- [ENTRIES PROVIDED]:
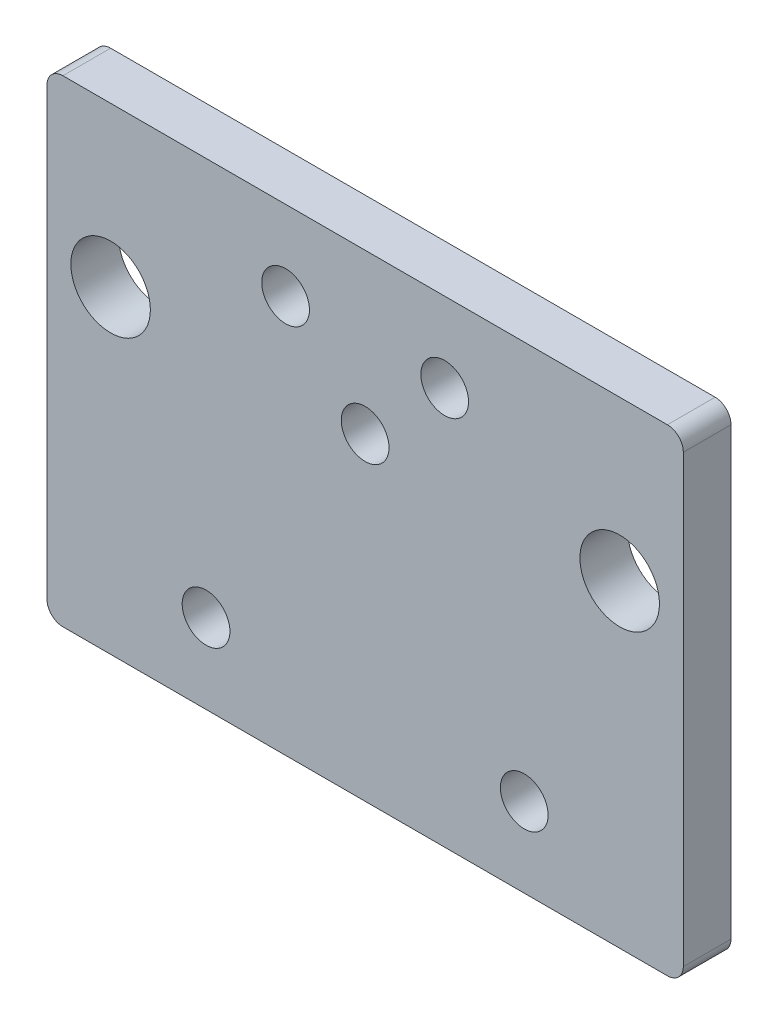
ISO-10303-21;
HEADER;
FILE_DESCRIPTION(('STEP AP214'),'2;1');
FILE_NAME('part.step','',(''),(''),'','','');
FILE_SCHEMA(('AUTOMOTIVE_DESIGN { 1 0 10303 214 1 1 1 1 }'));
ENDSEC;
DATA;
#1=APPLICATION_CONTEXT('core data for automotive mechanical design processes');
#2=APPLICATION_PROTOCOL_DEFINITION('international standard','automotive_design',2000,#1);
#3=PRODUCT_CONTEXT('',#1,'mechanical');
#4=PRODUCT('Part','Part','',(#3));
#5=PRODUCT_RELATED_PRODUCT_CATEGORY('part','',(#4));
#6=PRODUCT_DEFINITION_FORMATION('','',#4);
#7=PRODUCT_DEFINITION_CONTEXT('part definition',#1,'design');
#8=PRODUCT_DEFINITION('design','',#6,#7);
#9=PRODUCT_DEFINITION_SHAPE('','',#8);
#10=(LENGTH_UNIT() NAMED_UNIT(*) SI_UNIT(.MILLI.,.METRE.));
#11=(NAMED_UNIT(*) PLANE_ANGLE_UNIT() SI_UNIT($,.RADIAN.));
#12=(NAMED_UNIT(*) SI_UNIT($,.STERADIAN.) SOLID_ANGLE_UNIT());
#13=UNCERTAINTY_MEASURE_WITH_UNIT(LENGTH_MEASURE(1.E-05),#10,'distance_accuracy_value','');
#14=(GEOMETRIC_REPRESENTATION_CONTEXT(3) GLOBAL_UNCERTAINTY_ASSIGNED_CONTEXT((#13)) GLOBAL_UNIT_ASSIGNED_CONTEXT((#10,
#11,#12)) REPRESENTATION_CONTEXT('',''));
#15=CARTESIAN_POINT('',(0.,0.,0.));
#16=DIRECTION('',(0.,0.,1.));
#17=DIRECTION('',(1.,0.,0.));
#18=AXIS2_PLACEMENT_3D('',#15,#16,#17);
#19=CARTESIAN_POINT('',(0.,0.,3.));
#20=DIRECTION('',(0.,0.,1.));
#21=DIRECTION('',(1.,0.,0.));
#22=AXIS2_PLACEMENT_3D('',#19,#20,#21);
#23=PLANE('',#22);
#24=CARTESIAN_POINT('',(5.,5.,3.));
#25=DIRECTION('',(0.,0.,1.));
#26=DIRECTION('',(1.,0.,0.));
#27=AXIS2_PLACEMENT_3D('',#24,#25,#26);
#28=CIRCLE('',#27,1.5);
#29=CARTESIAN_POINT('',(6.5,5.,3.));
#30=VERTEX_POINT('',#29);
#31=EDGE_CURVE('E153',#30,#30,#28,.T.);
#32=ORIENTED_EDGE('',*,*,#31,.F.);
#33=EDGE_LOOP('',(#32));
#34=FACE_BOUND('',#33,.T.);
#35=CARTESIAN_POINT('',(-5.,5.,3.));
#36=DIRECTION('',(0.,0.,1.));
#37=DIRECTION('',(1.,0.,0.));
#38=AXIS2_PLACEMENT_3D('',#35,#36,#37);
#39=CIRCLE('',#38,1.5);
#40=CARTESIAN_POINT('',(-3.5,5.,3.));
#41=VERTEX_POINT('',#40);
#42=EDGE_CURVE('E150',#41,#41,#39,.T.);
#43=ORIENTED_EDGE('',*,*,#42,.F.);
#44=EDGE_LOOP('',(#43));
#45=FACE_BOUND('',#44,.T.);
#46=CARTESIAN_POINT('',(10.,-15.,3.));
#47=DIRECTION('',(0.,0.,1.));
#48=DIRECTION('',(1.,0.,0.));
#49=AXIS2_PLACEMENT_3D('',#46,#47,#48);
#50=CIRCLE('',#49,1.5);
#51=CARTESIAN_POINT('',(11.5,-15.,3.));
#52=VERTEX_POINT('',#51);
#53=EDGE_CURVE('E146',#52,#52,#50,.T.);
#54=ORIENTED_EDGE('',*,*,#53,.F.);
#55=EDGE_LOOP('',(#54));
#56=FACE_BOUND('',#55,.T.);
#57=CARTESIAN_POINT('',(-10.,-15.,3.));
#58=DIRECTION('',(0.,0.,1.));
#59=DIRECTION('',(1.,0.,0.));
#60=AXIS2_PLACEMENT_3D('',#57,#58,#59);
#61=CIRCLE('',#60,1.5);
#62=CARTESIAN_POINT('',(-8.5,-15.,3.));
#63=VERTEX_POINT('',#62);
#64=EDGE_CURVE('E142',#63,#63,#61,.T.);
#65=ORIENTED_EDGE('',*,*,#64,.F.);
#66=EDGE_LOOP('',(#65));
#67=FACE_BOUND('',#66,.T.);
#68=CARTESIAN_POINT('',(0.,0.,3.));
#69=DIRECTION('',(0.,0.,1.));
#70=DIRECTION('',(1.,0.,0.));
#71=AXIS2_PLACEMENT_3D('',#68,#69,#70);
#72=CIRCLE('',#71,1.5);
#73=CARTESIAN_POINT('',(1.5,0.,3.));
#74=VERTEX_POINT('',#73);
#75=EDGE_CURVE('E195',#74,#74,#72,.T.);
#76=ORIENTED_EDGE('',*,*,#75,.F.);
#77=EDGE_LOOP('',(#76));
#78=FACE_BOUND('',#77,.T.);
#79=CARTESIAN_POINT('',(-16.,0.,3.));
#80=DIRECTION('',(0.,0.,1.));
#81=DIRECTION('',(1.,0.,0.));
#82=AXIS2_PLACEMENT_3D('',#79,#80,#81);
#83=CIRCLE('',#82,2.5);
#84=CARTESIAN_POINT('',(-13.5,0.,3.));
#85=VERTEX_POINT('',#84);
#86=EDGE_CURVE('E127',#85,#85,#83,.T.);
#87=ORIENTED_EDGE('',*,*,#86,.F.);
#88=EDGE_LOOP('',(#87));
#89=FACE_BOUND('',#88,.T.);
#90=DIRECTION('',(0.,-1.,0.));
#91=VECTOR('',#90,1.);
#92=CARTESIAN_POINT('',(-20.,-10.,3.));
#93=LINE('',#92,#91);
#94=CARTESIAN_POINT('',(-20.,9.,3.));
#95=VERTEX_POINT('',#94);
#96=CARTESIAN_POINT('',(-20.,-19.,3.));
#97=VERTEX_POINT('',#96);
#98=EDGE_CURVE('E117',#95,#97,#93,.T.);
#99=ORIENTED_EDGE('',*,*,#98,.T.);
#100=CARTESIAN_POINT('',(-19.,-19.,3.));
#101=DIRECTION('',(0.,0.,1.));
#102=DIRECTION('',(1.,0.,0.));
#103=AXIS2_PLACEMENT_3D('',#100,#101,#102);
#104=CIRCLE('',#103,1.);
#105=CARTESIAN_POINT('',(-19.,-20.,3.));
#106=VERTEX_POINT('',#105);
#107=EDGE_CURVE('E162',#97,#106,#104,.T.);
#108=ORIENTED_EDGE('',*,*,#107,.T.);
#109=DIRECTION('',(1.,0.,0.));
#110=VECTOR('',#109,1.);
#111=CARTESIAN_POINT('',(-20.,-20.,3.));
#112=LINE('',#111,#110);
#113=CARTESIAN_POINT('',(19.,-20.,3.));
#114=VERTEX_POINT('',#113);
#115=EDGE_CURVE('E141',#106,#114,#112,.T.);
#116=ORIENTED_EDGE('',*,*,#115,.T.);
#117=CARTESIAN_POINT('',(19.,-19.,3.));
#118=DIRECTION('',(0.,0.,1.));
#119=DIRECTION('',(1.,0.,0.));
#120=AXIS2_PLACEMENT_3D('',#117,#118,#119);
#121=CIRCLE('',#120,1.);
#122=CARTESIAN_POINT('',(20.,-19.,3.));
#123=VERTEX_POINT('',#122);
#124=EDGE_CURVE('E160',#114,#123,#121,.T.);
#125=ORIENTED_EDGE('',*,*,#124,.T.);
#126=DIRECTION('',(0.,1.,0.));
#127=VECTOR('',#126,1.);
#128=CARTESIAN_POINT('',(20.,-10.,3.));
#129=LINE('',#128,#127);
#130=CARTESIAN_POINT('',(20.,9.,3.));
#131=VERTEX_POINT('',#130);
#132=EDGE_CURVE('E183',#123,#131,#129,.T.);
#133=ORIENTED_EDGE('',*,*,#132,.T.);
#134=CARTESIAN_POINT('',(19.,9.,3.));
#135=DIRECTION('',(0.,0.,1.));
#136=DIRECTION('',(1.,0.,0.));
#137=AXIS2_PLACEMENT_3D('',#134,#135,#136);
#138=CIRCLE('',#137,1.);
#139=CARTESIAN_POINT('',(19.,10.,3.));
#140=VERTEX_POINT('',#139);
#141=EDGE_CURVE('E158',#131,#140,#138,.T.);
#142=ORIENTED_EDGE('',*,*,#141,.T.);
#143=DIRECTION('',(-1.,0.,0.));
#144=VECTOR('',#143,1.);
#145=CARTESIAN_POINT('',(20.,10.,3.));
#146=LINE('',#145,#144);
#147=CARTESIAN_POINT('',(-19.,10.,3.));
#148=VERTEX_POINT('',#147);
#149=EDGE_CURVE('E119',#140,#148,#146,.T.);
#150=ORIENTED_EDGE('',*,*,#149,.T.);
#151=CARTESIAN_POINT('',(-19.,9.,3.));
#152=DIRECTION('',(0.,0.,1.));
#153=DIRECTION('',(1.,0.,0.));
#154=AXIS2_PLACEMENT_3D('',#151,#152,#153);
#155=CIRCLE('',#154,1.);
#156=EDGE_CURVE('E156',#148,#95,#155,.T.);
#157=ORIENTED_EDGE('',*,*,#156,.T.);
#158=EDGE_LOOP('',(#99,#108,#116,#125,#133,#142,#150,#157));
#159=FACE_BOUND('',#158,.T.);
#160=CARTESIAN_POINT('',(16.,0.,3.));
#161=DIRECTION('',(0.,0.,1.));
#162=DIRECTION('',(1.,0.,0.));
#163=AXIS2_PLACEMENT_3D('',#160,#161,#162);
#164=CIRCLE('',#163,2.5);
#165=CARTESIAN_POINT('',(18.5,0.,3.));
#166=VERTEX_POINT('',#165);
#167=EDGE_CURVE('E187',#166,#166,#164,.T.);
#168=ORIENTED_EDGE('',*,*,#167,.F.);
#169=EDGE_LOOP('',(#168));
#170=FACE_BOUND('',#169,.T.);
#171=ADVANCED_FACE('F35',(#34,#45,#56,#67,#78,#89,#159,#170),#23,.T.);
#172=CARTESIAN_POINT('',(0.,0.,0.));
#173=DIRECTION('',(0.,0.,1.));
#174=DIRECTION('',(1.,0.,0.));
#175=AXIS2_PLACEMENT_3D('',#172,#173,#174);
#176=PLANE('',#175);
#177=CARTESIAN_POINT('',(5.,5.,0.));
#178=DIRECTION('',(0.,0.,1.));
#179=DIRECTION('',(1.,0.,0.));
#180=AXIS2_PLACEMENT_3D('',#177,#178,#179);
#181=CIRCLE('',#180,1.5);
#182=CARTESIAN_POINT('',(6.5,5.,0.));
#183=VERTEX_POINT('',#182);
#184=EDGE_CURVE('E151',#183,#183,#181,.T.);
#185=ORIENTED_EDGE('',*,*,#184,.T.);
#186=EDGE_LOOP('',(#185));
#187=FACE_BOUND('',#186,.T.);
#188=CARTESIAN_POINT('',(-5.,5.,0.));
#189=DIRECTION('',(0.,0.,1.));
#190=DIRECTION('',(1.,0.,0.));
#191=AXIS2_PLACEMENT_3D('',#188,#189,#190);
#192=CIRCLE('',#191,1.5);
#193=CARTESIAN_POINT('',(-3.5,5.,0.));
#194=VERTEX_POINT('',#193);
#195=EDGE_CURVE('E147',#194,#194,#192,.T.);
#196=ORIENTED_EDGE('',*,*,#195,.T.);
#197=EDGE_LOOP('',(#196));
#198=FACE_BOUND('',#197,.T.);
#199=CARTESIAN_POINT('',(10.,-15.,0.));
#200=DIRECTION('',(0.,0.,1.));
#201=DIRECTION('',(1.,0.,0.));
#202=AXIS2_PLACEMENT_3D('',#199,#200,#201);
#203=CIRCLE('',#202,1.5);
#204=CARTESIAN_POINT('',(11.5,-15.,0.));
#205=VERTEX_POINT('',#204);
#206=EDGE_CURVE('E143',#205,#205,#203,.T.);
#207=ORIENTED_EDGE('',*,*,#206,.T.);
#208=EDGE_LOOP('',(#207));
#209=FACE_BOUND('',#208,.T.);
#210=CARTESIAN_POINT('',(-10.,-15.,0.));
#211=DIRECTION('',(0.,0.,1.));
#212=DIRECTION('',(1.,0.,0.));
#213=AXIS2_PLACEMENT_3D('',#210,#211,#212);
#214=CIRCLE('',#213,1.5);
#215=CARTESIAN_POINT('',(-8.5,-15.,0.));
#216=VERTEX_POINT('',#215);
#217=EDGE_CURVE('E138',#216,#216,#214,.T.);
#218=ORIENTED_EDGE('',*,*,#217,.T.);
#219=EDGE_LOOP('',(#218));
#220=FACE_BOUND('',#219,.T.);
#221=CARTESIAN_POINT('',(0.,0.,0.));
#222=DIRECTION('',(0.,0.,1.));
#223=DIRECTION('',(1.,0.,0.));
#224=AXIS2_PLACEMENT_3D('',#221,#222,#223);
#225=CIRCLE('',#224,1.5);
#226=CARTESIAN_POINT('',(1.5,0.,0.));
#227=VERTEX_POINT('',#226);
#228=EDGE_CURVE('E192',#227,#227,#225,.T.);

- [REQUIREMENT]: From the entries above, return exactly the line containing "#117=CARTESIAN_POINT('',(19.,-19.,3.));", the line containing "#140=VERTEX_POINT('',#139);", and all lines between, and nothing else.

- [TASK ANSWER]:
#117=CARTESIAN_POINT('',(19.,-19.,3.));
#118=DIRECTION('',(0.,0.,1.));
#119=DIRECTION('',(1.,0.,0.));
#120=AXIS2_PLACEMENT_3D('',#117,#118,#119);
#121=CIRCLE('',#120,1.);
#122=CARTESIAN_POINT('',(20.,-19.,3.));
#123=VERTEX_POINT('',#122);
#124=EDGE_CURVE('E160',#114,#123,#121,.T.);
#125=ORIENTED_EDGE('',*,*,#124,.T.);
#126=DIRECTION('',(0.,1.,0.));
#127=VECTOR('',#126,1.);
#128=CARTESIAN_POINT('',(20.,-10.,3.));
#129=LINE('',#128,#127);
#130=CARTESIAN_POINT('',(20.,9.,3.));
#131=VERTEX_POINT('',#130);
#132=EDGE_CURVE('E183',#123,#131,#129,.T.);
#133=ORIENTED_EDGE('',*,*,#132,.T.);
#134=CARTESIAN_POINT('',(19.,9.,3.));
#135=DIRECTION('',(0.,0.,1.));
#136=DIRECTION('',(1.,0.,0.));
#137=AXIS2_PLACEMENT_3D('',#134,#135,#136);
#138=CIRCLE('',#137,1.);
#139=CARTESIAN_POINT('',(19.,10.,3.));
#140=VERTEX_POINT('',#139);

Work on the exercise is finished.